= Data shown =
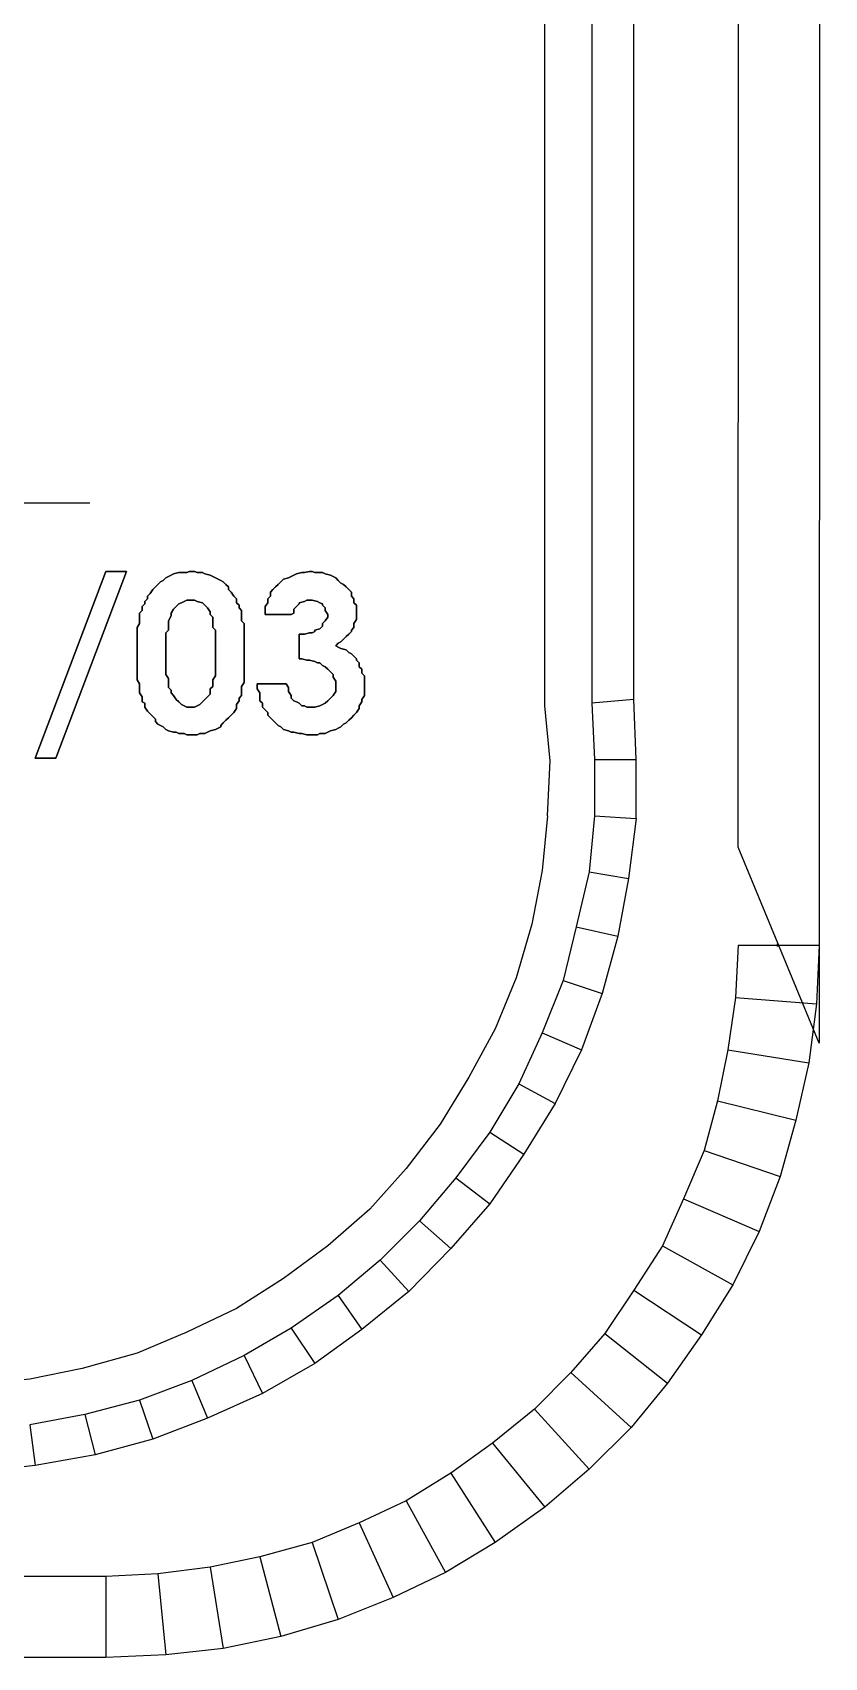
# Model space of a CAD drawing. Header units: metres. Extents: x 2.9 to 42.8, y 1.7 to 28.7.
# Drawn here: x 41.705 to 42.774, y 1.677 to 3.87 of the extents above; entities that cross this region are included whole.
import ezdxf

# ---------------------------------------------------------------- set-up
doc = ezdxf.new("R2010")
doc.units = ezdxf.units.M
doc.layers.add('AMARILLO', color=2, linetype='Continuous')
doc.layers.add('NEGRO', color=7, linetype='Continuous')
doc.layers.add('RGB_000_184_184', color=7, linetype='Continuous', true_color=0x00b8b8)

msp = doc.modelspace()

# ---------------------------------------------------------------- linework, layer by layer
at = {"layer": 'AMARILLO', "lineweight": -3}
msp.add_lwpolyline([(41.783, 3.235), (41.2186, 3.235)], dxfattribs=at)
at = {"layer": 'NEGRO', "lineweight": -3}
for points in [[(41.8042, 3.1432), (41.7089, 2.891), (41.8042, 3.1432)], [(41.7371, 2.891), (41.8324, 3.1432), (41.7371, 2.891)], [(41.8324, 3.1432), (41.8042, 3.1432), (41.8324, 3.1432)], [(41.8888, 3.1362), (41.8853, 3.1344), (41.8888, 3.1362)], [(41.8924, 3.138), (41.8888, 3.1362), (41.8924, 3.138)], [(41.8959, 3.1397), (41.8924, 3.138), (41.8959, 3.1397)], [(41.9029, 3.1415), (41.8959, 3.1397), (41.9029, 3.1415)], [(41.9065, 3.1415), (41.9029, 3.1415), (41.9065, 3.1415)], [(41.9135, 3.1415), (41.9065, 3.1415), (41.9135, 3.1415)], [(41.9171, 3.1432), (41.9135, 3.1415), (41.9171, 3.1432)], [(41.9241, 3.1432), (41.9171, 3.1432), (41.9241, 3.1432)], [(41.9276, 3.1415), (41.9241, 3.1432), (41.9276, 3.1415)], [(41.9347, 3.1415), (41.9276, 3.1415), (41.9347, 3.1415)], [(41.9382, 3.1397), (41.9347, 3.1415), (41.9382, 3.1397)], [(41.9453, 3.138), (41.9382, 3.1397), (41.9453, 3.138)], [(41.9488, 3.1362), (41.9453, 3.138), (41.9488, 3.1362)], [(41.9523, 3.1344), (41.9488, 3.1362), (41.9523, 3.1344)], [(42.0546, 3.1362), (42.0511, 3.1344), (42.0546, 3.1362)], [(42.0582, 3.138), (42.0546, 3.1362), (42.0582, 3.138)], [(42.0617, 3.1397), (42.0582, 3.138), (42.0617, 3.1397)], [(42.0687, 3.1415), (42.0617, 3.1397), (42.0687, 3.1415)], [(42.0723, 3.1415), (42.0687, 3.1415), (42.0723, 3.1415)], [(42.0793, 3.1432), (42.0723, 3.1415), (42.0793, 3.1432)], [(42.0829, 3.1432), (42.0793, 3.1432), (42.0829, 3.1432)], [(42.0864, 3.1415), (42.0829, 3.1432), (42.0864, 3.1415)], [(42.0934, 3.1415), (42.0864, 3.1415), (42.0934, 3.1415)], [(42.097, 3.1415), (42.0934, 3.1415), (42.097, 3.1415)], [(42.1005, 3.1397), (42.097, 3.1415), (42.1005, 3.1397)], [(42.1076, 3.138), (42.1005, 3.1397), (42.1076, 3.138)], [(42.1111, 3.1362), (42.1076, 3.138), (42.1111, 3.1362)], [(42.1146, 3.1344), (42.1111, 3.1362), (42.1146, 3.1344)], [(41.8677, 3.1186), (41.8641, 3.1133), (41.8677, 3.1186)], [(41.8712, 3.1221), (41.8677, 3.1186), (41.8712, 3.1221)], [(41.8747, 3.1256), (41.8712, 3.1221), (41.8747, 3.1256)], [(41.8782, 3.1291), (41.8747, 3.1256), (41.8782, 3.1291)], [(41.8818, 3.1309), (41.8782, 3.1291), (41.8818, 3.1309)], [(41.8853, 3.1344), (41.8818, 3.1309), (41.8853, 3.1344)], [(41.9559, 3.1327), (41.9523, 3.1344), (41.9559, 3.1327)], [(41.9594, 3.1309), (41.9559, 3.1327), (41.9594, 3.1309)], [(41.9629, 3.1291), (41.9594, 3.1309), (41.9629, 3.1291)], [(41.9664, 3.1256), (41.9629, 3.1291), (41.9664, 3.1256)], [(41.97, 3.1221), (41.9664, 3.1256), (41.97, 3.1221)], [(41.97, 3.1186), (41.97, 3.1221), (41.97, 3.1186)], [(41.9735, 3.115), (41.97, 3.1186), (41.9735, 3.115)], [(41.977, 3.1097), (41.9735, 3.115), (41.977, 3.1097)], [(42.0299, 3.1186), (42.0264, 3.115), (42.0299, 3.1186)], [(42.0264, 3.115), (42.0264, 3.1097), (42.0264, 3.115)], [(42.0335, 3.1221), (42.0299, 3.1186), (42.0335, 3.1221)], [(42.037, 3.1256), (42.0335, 3.1221), (42.037, 3.1256)], [(42.0405, 3.1291), (42.037, 3.1256), (42.0405, 3.1291)], [(42.0441, 3.1327), (42.0405, 3.1291), (42.0441, 3.1327)], [(42.0511, 3.1344), (42.0441, 3.1327), (42.0511, 3.1344)], [(42.1181, 3.1309), (42.1146, 3.1344), (42.1181, 3.1309)], [(42.1217, 3.1274), (42.1181, 3.1309), (42.1217, 3.1274)], [(42.1252, 3.1256), (42.1217, 3.1274), (42.1252, 3.1256)], [(42.1287, 3.1221), (42.1252, 3.1256), (42.1287, 3.1221)], [(42.1323, 3.1186), (42.1287, 3.1221), (42.1323, 3.1186)], [(42.1358, 3.115), (42.1323, 3.1186), (42.1358, 3.115)], [(42.1358, 3.1097), (42.1358, 3.115), (42.1358, 3.1097)], [(41.8571, 3.0992), (41.8536, 3.0956), (41.8571, 3.0992)], [(41.8536, 3.0956), (41.8536, 3.0903), (41.8536, 3.0956)], [(41.8606, 3.1062), (41.8571, 3.1027), (41.8606, 3.1062)], [(41.8571, 3.1027), (41.8571, 3.0992), (41.8571, 3.1027)], [(41.8641, 3.1133), (41.8606, 3.1097), (41.8641, 3.1133)], [(41.8606, 3.1097), (41.8606, 3.1062), (41.8606, 3.1097)], [(41.8924, 3.0868), (41.8959, 3.0921), (41.8924, 3.0868)], [(41.8959, 3.0921), (41.8994, 3.0956), (41.8959, 3.0921)], [(41.8994, 3.0956), (41.9029, 3.0992), (41.8994, 3.0956)], [(41.9029, 3.0992), (41.9065, 3.1009), (41.9029, 3.0992)], [(41.9065, 3.1009), (41.91, 3.1027), (41.9065, 3.1009)], [(41.91, 3.1027), (41.9135, 3.1044), (41.91, 3.1027)], [(41.9135, 3.1044), (41.9206, 3.1044), (41.9135, 3.1044)], [(41.9206, 3.1044), (41.9241, 3.1044), (41.9206, 3.1044)], [(41.9241, 3.1044), (41.9276, 3.1027), (41.9241, 3.1044)], [(41.9276, 3.1027), (41.9347, 3.1009), (41.9276, 3.1027)], [(41.9347, 3.1009), (41.9382, 3.0974), (41.9347, 3.1009)], [(41.9382, 3.0974), (41.9418, 3.0939), (41.9382, 3.0974)], [(41.9418, 3.0939), (41.9453, 3.0886), (41.9418, 3.0939)], [(41.9806, 3.1062), (41.977, 3.1097), (41.9806, 3.1062)], [(41.9806, 3.1009), (41.9806, 3.1062), (41.9806, 3.1009)], [(41.9841, 3.0974), (41.9806, 3.1009), (41.9841, 3.0974)], [(41.9841, 3.0939), (41.9841, 3.0974), (41.9841, 3.0939)], [(41.9876, 3.0903), (41.9841, 3.0939), (41.9876, 3.0903)], [(42.0229, 3.1009), (42.0194, 3.0956), (42.0229, 3.1009)], [(42.0194, 3.0956), (42.0194, 3.0903), (42.0194, 3.0956)], [(42.0264, 3.1097), (42.0229, 3.1062), (42.0264, 3.1097)], [(42.0229, 3.1062), (42.0229, 3.1009), (42.0229, 3.1062)], [(42.0582, 3.0921), (42.0617, 3.0956), (42.0582, 3.0921)], [(42.0582, 3.0868), (42.0582, 3.0921), (42.0582, 3.0868)], [(42.0617, 3.0956), (42.0652, 3.0992), (42.0617, 3.0956)], [(42.0652, 3.1009), (42.0723, 3.1027), (42.0652, 3.1009)], [(42.0652, 3.0992), (42.0652, 3.1009), (42.0652, 3.0992)], [(42.0723, 3.1027), (42.0758, 3.1044), (42.0723, 3.1027)], [(42.0758, 3.1044), (42.0793, 3.1044), (42.0758, 3.1044)], [(42.0793, 3.1044), (42.0829, 3.1044), (42.0793, 3.1044)], [(42.0829, 3.1044), (42.0899, 3.1027), (42.0829, 3.1044)], [(42.0899, 3.1027), (42.0934, 3.1009), (42.0899, 3.1027)], [(42.0934, 3.1009), (42.097, 3.0992), (42.0934, 3.1009)], [(42.097, 3.0992), (42.097, 3.0974), (42.097, 3.0992)], [(42.097, 3.0974), (42.1005, 3.0939), (42.097, 3.0974)], [(42.1005, 3.0939), (42.1005, 3.0903), (42.1005, 3.0939)], [(42.1393, 3.1062), (42.1358, 3.1097), (42.1393, 3.1062)], [(42.1393, 3.1009), (42.1393, 3.1062), (42.1393, 3.1009)], [(42.1428, 3.0974), (42.1393, 3.1009), (42.1428, 3.0974)], [(42.1428, 3.0921), (42.1428, 3.0974), (42.1428, 3.0921)], [(42.1428, 3.0868), (42.1428, 3.0921), (42.1428, 3.0868)], [(41.85, 3.0727), (41.8465, 3.0674), (41.85, 3.0727)], [(41.8536, 3.0903), (41.85, 3.0868), (41.8536, 3.0903)], [(41.85, 3.0868), (41.85, 3.0815), (41.85, 3.0868)], [(41.85, 3.0815), (41.85, 3.0762), (41.85, 3.0815)], [(41.85, 3.0762), (41.85, 3.0727), (41.85, 3.0762)], [(41.8888, 3.0762), (41.8924, 3.0833), (41.8888, 3.0762)], [(41.8888, 3.0727), (41.8888, 3.0762), (41.8888, 3.0727)], [(41.8888, 3.0692), (41.8888, 3.0727), (41.8888, 3.0692)], [(41.8924, 3.0833), (41.8924, 3.0868), (41.8924, 3.0833)], [(41.9453, 3.0886), (41.9453, 3.0868), (41.9453, 3.0886)], [(41.9453, 3.0868), (41.9453, 3.085), (41.9453, 3.0868)], [(41.9453, 3.085), (41.9488, 3.0815), (41.9453, 3.085)], [(41.9488, 3.0815), (41.9488, 3.0762), (41.9488, 3.0815)], [(41.9488, 3.0762), (41.9488, 3.0727), (41.9488, 3.0762)], [(41.9488, 3.0727), (41.9488, 3.0674), (41.9488, 3.0727)], [(41.9876, 3.085), (41.9876, 3.0903), (41.9876, 3.085)], [(41.9876, 3.0815), (41.9876, 3.085), (41.9876, 3.0815)], [(41.9876, 3.0762), (41.9876, 3.0815), (41.9876, 3.0762)], [(41.9911, 3.0727), (41.9876, 3.0762), (41.9911, 3.0727)], [(41.9911, 3.0674), (41.9911, 3.0727), (41.9911, 3.0674)], [(42.0194, 3.0903), (42.0194, 3.085), (42.0194, 3.0903)], [(42.0194, 3.085), (42.0546, 3.085), (42.0194, 3.085)], [(42.0546, 3.085), (42.0582, 3.0868), (42.0546, 3.085)], [(42.1005, 3.0762), (42.097, 3.0727), (42.1005, 3.0762)], [(42.097, 3.0727), (42.097, 3.0692), (42.097, 3.0727)], [(42.1005, 3.0903), (42.104, 3.085), (42.1005, 3.0903)], [(42.104, 3.0815), (42.1005, 3.0762), (42.104, 3.0815)], [(42.104, 3.085), (42.104, 3.0815), (42.104, 3.085)], [(42.1393, 3.0727), (42.1428, 3.078), (42.1393, 3.0727)], [(42.1393, 3.0674), (42.1393, 3.0727), (42.1393, 3.0674)], [(42.1428, 3.0815), (42.1428, 3.0868), (42.1428, 3.0815)], [(42.1428, 3.078), (42.1428, 3.0815), (42.1428, 3.078)], [(41.8465, 3.0674), (41.8465, 3.0621), (41.8465, 3.0674)], [(41.8465, 3.0621), (41.8465, 3.0551), (41.8465, 3.0621)], [(41.8465, 3.0551), (41.8465, 3.0498), (41.8465, 3.0551)], [(41.8465, 3.0498), (41.8465, 3.0427), (41.8465, 3.0498)], [(41.8853, 3.0603), (41.8888, 3.0639), (41.8853, 3.0603)], [(41.8853, 3.0551), (41.8853, 3.0603), (41.8853, 3.0551)], [(41.8853, 3.0498), (41.8853, 3.0551), (41.8853, 3.0498)], [(41.8853, 3.0445), (41.8853, 3.0498), (41.8853, 3.0445)], [(41.8888, 3.0639), (41.8888, 3.0692), (41.8888, 3.0639)], [(41.9488, 3.0674), (41.9523, 3.0639), (41.9488, 3.0674)], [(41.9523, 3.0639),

= Try it =
A verbatim copy of the records is expected, from their first line through the line with "import ezdxf", inclusive, with the pictures removed.

= Solution to the problem =
# Model space of a CAD drawing. Header units: metres. Extents: x 2.9 to 42.8, y 1.7 to 28.7.
# Drawn here: x 41.705 to 42.774, y 1.677 to 3.87 of the extents above; entities that cross this region are included whole.
import ezdxf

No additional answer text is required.